Series of cembranoidal secondary metabolites from soft corals have been shown to exhibit attractive biological activities including cytotoxicity [1,2,3,4,5,6,7,8,9,10,11,12,13,14] and anti-inflammatory ability [6,7,9,11,13,14,15,16,17,18]. From previous investigations of exploring bioactive natural products from soft corals, many cembranoids were discovered from organisms of the genera Sarcophyton, [1,2,3,4,5,6,7,8,16], Sinularia [9,10,11,12,17,18], and Lobophyton [13,14,15]. In some cases, two cembranoid units could be linked to produce biscembranoids via various reactions [18,19,20,21,22,23,24], marking the high diversity and complexity in chemical structures of cembrane-related soft coral natural products.

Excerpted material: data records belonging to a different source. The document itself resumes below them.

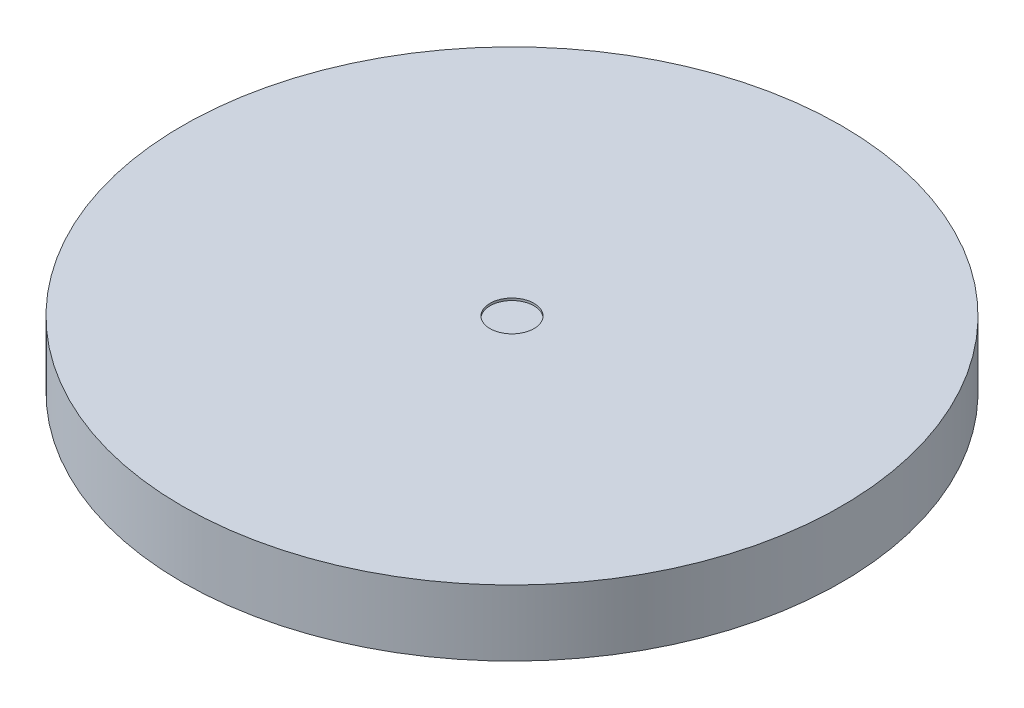
ISO-10303-21;
HEADER;
FILE_DESCRIPTION(('STEP AP214'),'2;1');
FILE_NAME('part.step','',(''),(''),'','','');
FILE_SCHEMA(('AUTOMOTIVE_DESIGN { 1 0 10303 214 1 1 1 1 }'));
ENDSEC;
DATA;
#1=APPLICATION_CONTEXT('core data for automotive mechanical design processes');
#2=APPLICATION_PROTOCOL_DEFINITION('international standard','automotive_design',2000,#1);
#3=PRODUCT_CONTEXT('',#1,'mechanical');
#4=PRODUCT('Part','Part','',(#3));
#5=PRODUCT_RELATED_PRODUCT_CATEGORY('part','',(#4));
#6=PRODUCT_DEFINITION_FORMATION('','',#4);
#7=PRODUCT_DEFINITION_CONTEXT('part definition',#1,'design');
#8=PRODUCT_DEFINITION('design','',#6,#7);
#9=PRODUCT_DEFINITION_SHAPE('','',#8);
#10=(LENGTH_UNIT() NAMED_UNIT(*) SI_UNIT(.MILLI.,.METRE.));
#11=(NAMED_UNIT(*) PLANE_ANGLE_UNIT() SI_UNIT($,.RADIAN.));
#12=(NAMED_UNIT(*) SI_UNIT($,.STERADIAN.) SOLID_ANGLE_UNIT());
#13=UNCERTAINTY_MEASURE_WITH_UNIT(LENGTH_MEASURE(1.E-05),#10,'distance_accuracy_value','');
#14=(GEOMETRIC_REPRESENTATION_CONTEXT(3) GLOBAL_UNCERTAINTY_ASSIGNED_CONTEXT((#13)) GLOBAL_UNIT_ASSIGNED_CONTEXT((#10,
#11,#12)) REPRESENTATION_CONTEXT('',''));
#15=CARTESIAN_POINT('',(0.,0.,0.));
#16=DIRECTION('',(0.,0.,1.));
#17=DIRECTION('',(1.,0.,0.));
#18=AXIS2_PLACEMENT_3D('',#15,#16,#17);
#19=CARTESIAN_POINT('',(0.,6.,0.));
#20=DIRECTION('',(0.,-1.,0.));
#21=DIRECTION('',(0.,0.,-1.));
#22=AXIS2_PLACEMENT_3D('',#19,#20,#21);
#23=CYLINDRICAL_SURFACE('',#22,30.);
#24=CARTESIAN_POINT('',(0.,6.,0.));
#25=DIRECTION('',(0.,1.,0.));
#26=DIRECTION('',(0.,0.,1.));
#27=AXIS2_PLACEMENT_3D('',#24,#25,#26);
#28=CIRCLE('',#27,30.);
#29=CARTESIAN_POINT('',(0.,6.,30.));
#30=VERTEX_POINT('',#29);
#31=EDGE_CURVE('E10',#30,#30,#28,.T.);
#32=ORIENTED_EDGE('',*,*,#31,.F.);
#33=EDGE_LOOP('',(#32));
#34=FACE_BOUND('',#33,.T.);
#35=CARTESIAN_POINT('',(0.,0.,0.));
#36=DIRECTION('',(0.,1.,0.));
#37=DIRECTION('',(0.,0.,1.));
#38=AXIS2_PLACEMENT_3D('',#35,#36,#37);
#39=CIRCLE('',#38,30.);
#40=CARTESIAN_POINT('',(0.,0.,30.));
#41=VERTEX_POINT('',#40);
#42=EDGE_CURVE('E40',#41,#41,#39,.T.);
#43=ORIENTED_EDGE('',*,*,#42,.T.);
#44=EDGE_LOOP('',(#43));
#45=FACE_BOUND('',#44,.T.);
#46=ADVANCED_FACE('F37',(#34,#45),#23,.T.);
#47=CARTESIAN_POINT('',(0.,6.,0.));
#48=DIRECTION('',(0.,1.,0.));
#49=DIRECTION('',(0.,0.,1.));
#50=AXIS2_PLACEMENT_3D('',#47,#48,#49);
#51=PLANE('',#50);
#52=CARTESIAN_POINT('',(0.,6.,0.));
#53=DIRECTION('',(0.,1.,0.));
#54=DIRECTION('',(0.,0.,1.));
#55=AXIS2_PLACEMENT_3D('',#52,#53,#54);
#56=CIRCLE('',#55,2.);
#57=CARTESIAN_POINT('',(0.,6.,2.));
#58=VERTEX_POINT('',#57);
#59=EDGE_CURVE('E51',#58,#58,#56,.T.);
#60=ORIENTED_EDGE('',*,*,#59,.F.);
#61=EDGE_LOOP('',(#60));
#62=FACE_BOUND('',#61,.T.);
#63=ORIENTED_EDGE('',*,*,#31,.T.);
#64=EDGE_LOOP('',(#63));
#65=FACE_BOUND('',#64,.T.);
#66=ADVANCED_FACE('F68',(#62,#65),#51,.T.);
#67=CARTESIAN_POINT('',(0.,0.,0.));
#68=DIRECTION('',(0.,1.,0.));
#69=DIRECTION('',(0.,0.,1.));
#70=AXIS2_PLACEMENT_3D('',#67,#68,#69);
#71=PLANE('',#70);
#72=ORIENTED_EDGE('',*,*,#42,.F.);
#73=EDGE_LOOP('',(#72));
#74=FACE_BOUND('',#73,.T.);
#75=ADVANCED_FACE('F64',(#74),#71,.F.);
#76=CARTESIAN_POINT('',(0.,5.8,0.));
#77=DIRECTION('',(0.,1.,0.));
#78=DIRECTION('',(0.,0.,1.));
#79=AXIS2_PLACEMENT_3D('',#76,#77,#78);
#80=CYLINDRICAL_SURFACE('',#79,2.);
#81=CARTESIAN_POINT('',(0.,5.8,0.));
#82=DIRECTION('',(0.,1.,0.));
#83=DIRECTION('',(0.,0.,1.));
#84=AXIS2_PLACEMENT_3D('',#81,#82,#83);
#85=CIRCLE('',#84,2.);
#86=CARTESIAN_POINT('',(0.,5.8,2.));
#87=VERTEX_POINT('',#86);
#88=EDGE_CURVE('E49',#87,#87,#85,.T.);
#89=ORIENTED_EDGE('',*,*,#88,.F.);
#90=EDGE_LOOP('',(#89));
#91=FACE_BOUND('',#90,.T.);
#92=ORIENTED_EDGE('',*,*,#59,.T.);
#93=EDGE_LOOP('',(#92));
#94=FACE_BOUND('',#93,.T.);
#95=ADVANCED_FACE('F61',(#91,#94),#80,.F.);
#96=CARTESIAN_POINT('',(0.,5.8,0.));
#97=DIRECTION('',(0.,1.,0.));
#98=DIRECTION('',(0.,0.,1.));
#99=AXIS2_PLACEMENT_3D('',#96,#97,#98);
#100=PLANE('',#99);
#101=ORIENTED_EDGE('',*,*,#88,.T.);
#102=EDGE_LOOP('',(#101));
#103=FACE_BOUND('',#102,.T.);
#104=ADVANCED_FACE('F59',(#103),#100,.T.);
#105=CLOSED_SHELL('',(#46,#66,#75,#95,#104));
#106=MANIFOLD_SOLID_BREP('B2',#105);
#107=ADVANCED_BREP_SHAPE_REPRESENTATION('',(#18,#106),#14);
#108=SHAPE_DEFINITION_REPRESENTATION(#9,#107);
ENDSEC;
END-ISO-10303-21;

Many studies have revealed that soft corals of the genus Sarcophyton are important sources of various types of natural products, some of them with notable bioactivies [25,26,27,28]. Our previous chemical study on Sarcophyton cherbonnieri led to the isolation of six new cembranoids cherbonolides A–E and one biscembranoid bischerbolide peroxide, along with a known compound, isosarcophine [24]. In continuation of our effort on discovery of new and bioactive compounds from marine animals, we further explored the chemical constituents of S. cherbonnieri. This investigation again led to the discovery of new cembranoids, cherbonolides F–L (1–7). The structures of 1–7 (Figure 1) were determined by spectroscopic analysis, including two-dimensional (2D) NMR experiments and a chemical reaction. Compounds 2 and 4 were elucidated as cembranoids possessing an allylic peroxy group. Cembranoids of isosarcophine-type have been reported frequently [24,27,28,29,30].

Figure 1

New cembranoids isolated from Sarcophyton cherbonnieri.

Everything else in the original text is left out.